The first instinct when things go wrong  -- with kids or brands -- is to want to jump in and exert control. But that doesn’t work very well in either case. You need to build “anti-fragility.” This concept, from author Nassim Nicholas Taleb, is that “shocks and disruptions make you stronger and more creative, better able to adapt to each new challenge you face.” So, in the interest of antifragility -- of kids or brands -- here are a few things I’ve learned.

1. Do the right thing. Like the advice  from the eponymous 1989 movie from Spike Lee, you should always “Do the Right Thing.”  That doesn’t mean being perfect. It just means that when you have a choice between sticking to your principles and taking the easy way out, always do the former.

Children raised in this type of environment will follow suit. You have laid a strong moral foundation that will be their support system for the rest of their lives.

The same is true of brands. A brand built on strong ethics, by a company that always tries to do the right thing, is exceptionally anti-fragile. When knocks happen -- and cracks inevitably appear -- an ethical brand will heal itself. An unethical brand that depends on smoke and mirrors will crumble.

2. Build an emotional bank account. One of the best lessons I’ve ever learned in my life was Stephen Covey's metaphor of the emotional bank account. My wife and I have tried to pass this along to our children.

Essentially, you have to make emotional deposits to those close to you, building up a balance from which you can withdraw when you need to. If you raise kids that make frequent deposits, you know that their friends and family will be there for them when they need them.  The degree of anti-fragility in your children is dependent on the strength of their support network. How loyal are their friends and family? Have they built this loyalty through regular deposits in the respective emotional bank accounts?

The same is true for anti-fragile brands. Brands that build loyalty in an authentic way can weather the inevitable storms that will come their way. This goes beyond the cost-of-switching rationale. Even brands that have you “locked in” today will inevitably lose that grip through the constant removal of marketplace friction through technology and the ever-creeping forces of competition.  Emotional bank accounts are called that for a reason -- they have to do with emotions, not rationality.

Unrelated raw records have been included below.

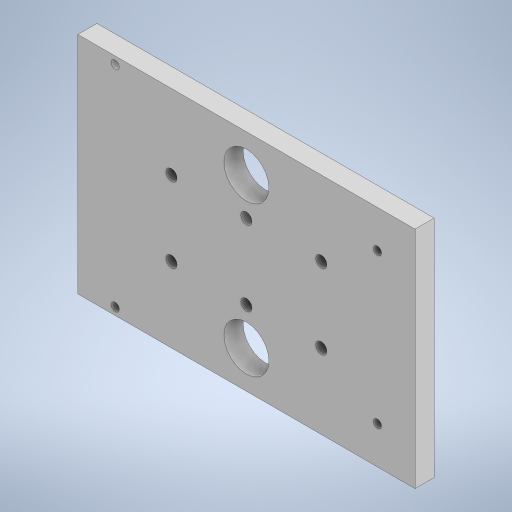
# Autodesk Inventor part: lidar mounting plate
Saved by Autodesk Inventor 2023.2 (Build 272271000, 271)
## iProperties
Created: 2024-08-12
Part Number: lidar mounting plate
Material: Generic
Document SubType Name: Modeling
Designer: PC
Density: 1 g/cm^3
Appearance: Default
Author: PC
Autodesk Inventor part; units mm, degrees
ref_plane "YZ Plane" through (0, 0, 0) normal (1, 0, 0) x (0, 1, 0)
ref_plane "XZ Plane" through (0, 0, 0) normal (0, 1, 0) x (-1, 0, 0)
ref_plane "XY Plane" through (0, 0, 0) normal (0, 0, 1) x (1, 0, 0)
sketch "Sketch1" plane through (0, 0, 0) normal (0, 0, 1) x (1, 0, 0)
  line L0 (-45, -30) -> (45, -30)
  line L1 (45, -30) -> (45, 30)
  line L2 (45, 30) -> (-45, 30)
  line L3 (-45, 30) -> (-45, -30)
  line L4 (-45, -30) -> (45, 30) construction
  line L5 (45, -30) -> (-45, 30) construction
  circle A0 centre (-35, -28) radius 1.092
  circle A1 centre (35, -20) radius 1.092
  line L6 (0, 0) -> (14.1537, 0) construction
  circle A2 centre (-35, 28) radius 1.092
  circle A3 centre (35, 20) radius 1.092
  circle A4 centre (-20, 10) radius 1.5
  circle A5 centre (0, 10) radius 1.5
  circle A6 centre (20, 10) radius 1.5
  circle A7 centre (-20, -10) radius 1.5
  circle A8 centre (0, -10) radius 1.5
  circle A9 centre (20, -10) radius 1.5
  circle A10 centre (0, 20) radius 6
  circle A11 centre (0, -20) radius 6
  dimension "d0" = 90
  dimension "d1" = 60
  dimension "d7" = 2.184
  dimension "d8" = 2.184
  dimension "d11" = 2
  dimension "d19" = 70
  dimension "d22" = 10
  dimension "d23" = 10
  dimension "d24" = 3
  dimension "d25" = 3
  dimension "d26" = 3
  dimension "d27" = 3
  dimension "d28" = 3
  dimension "d29" = 3
  dimension "d30" = 10
  dimension "d31" = 10
  dimension "d32" = 20
  dimension "d33" = 20
  dimension "d34" = 12
  dimension "d35" = 12
  dimension "d36" = 20
  dimension "d37" = 20
  constraints: 14 end point, 12 centre point, 6 vertical alignment, 4 horizontal alignment, 2 horizontal, 2 midpoint, 2 parallel, 2 symmetric about line, 1 perpendicular, 2 other
  measures "d0" distance of L2.end L1.end
  measures "d1" distance of L1.end L0.end
  measures "d7" diameter of A0
  measures "d8" diameter of A1
  measures "d11" distance from line of L0 A0.centre
  measures "d19" horizontal distance of A1.centre A0.centre
  measures "d22" distance from line of L0 A1.centre
  measures "d23" distance from line of L3 A0.centre
  measures "d24" diameter of A4
  measures "d25" diameter of A5
  measures "d26" diameter of A6
  measures "d27" diameter of A7
  measures "d28" diameter of A8
  measures "d29" diameter of A9
  measures "d30" vertical distance of L6.start A4.centre
  measures "d31" vertical distance of L6.start A7.centre
  measures "d32" horizontal distance of L6.start A4.centre
  measures "d33" horizontal distance of A6.centre L6.start
  measures "d34" diameter of A10
  measures "d35" diameter of A11
  measures "d36" distance of L6.start A10.centre
  measures "d37" distance of L6.start A11.centre
extrude "Extrusion1" add sketch "Sketch1" along normal blind 5.1
body "Solid1"

3. Accept that mistakes happen. One of the hardest things about being a parent is giving your children room to make mistakes. But if you want to raise anti-fragile kids, you have to do this.  

 The same is true with brands. When things go wrong, we tend to want to exert control, to fix things. In doing so, we have to take control from someone else.  In the case of parenting, you take control from your children, depriving them of the chance to learn how to fix things themselves.

In the case of branding, you take control from the market. But in the latter case, you don’t really take control -- because you can’t. You can respond, but you can’t control. It’s a bitter lesson to learn, but one best learned sooner rather than later.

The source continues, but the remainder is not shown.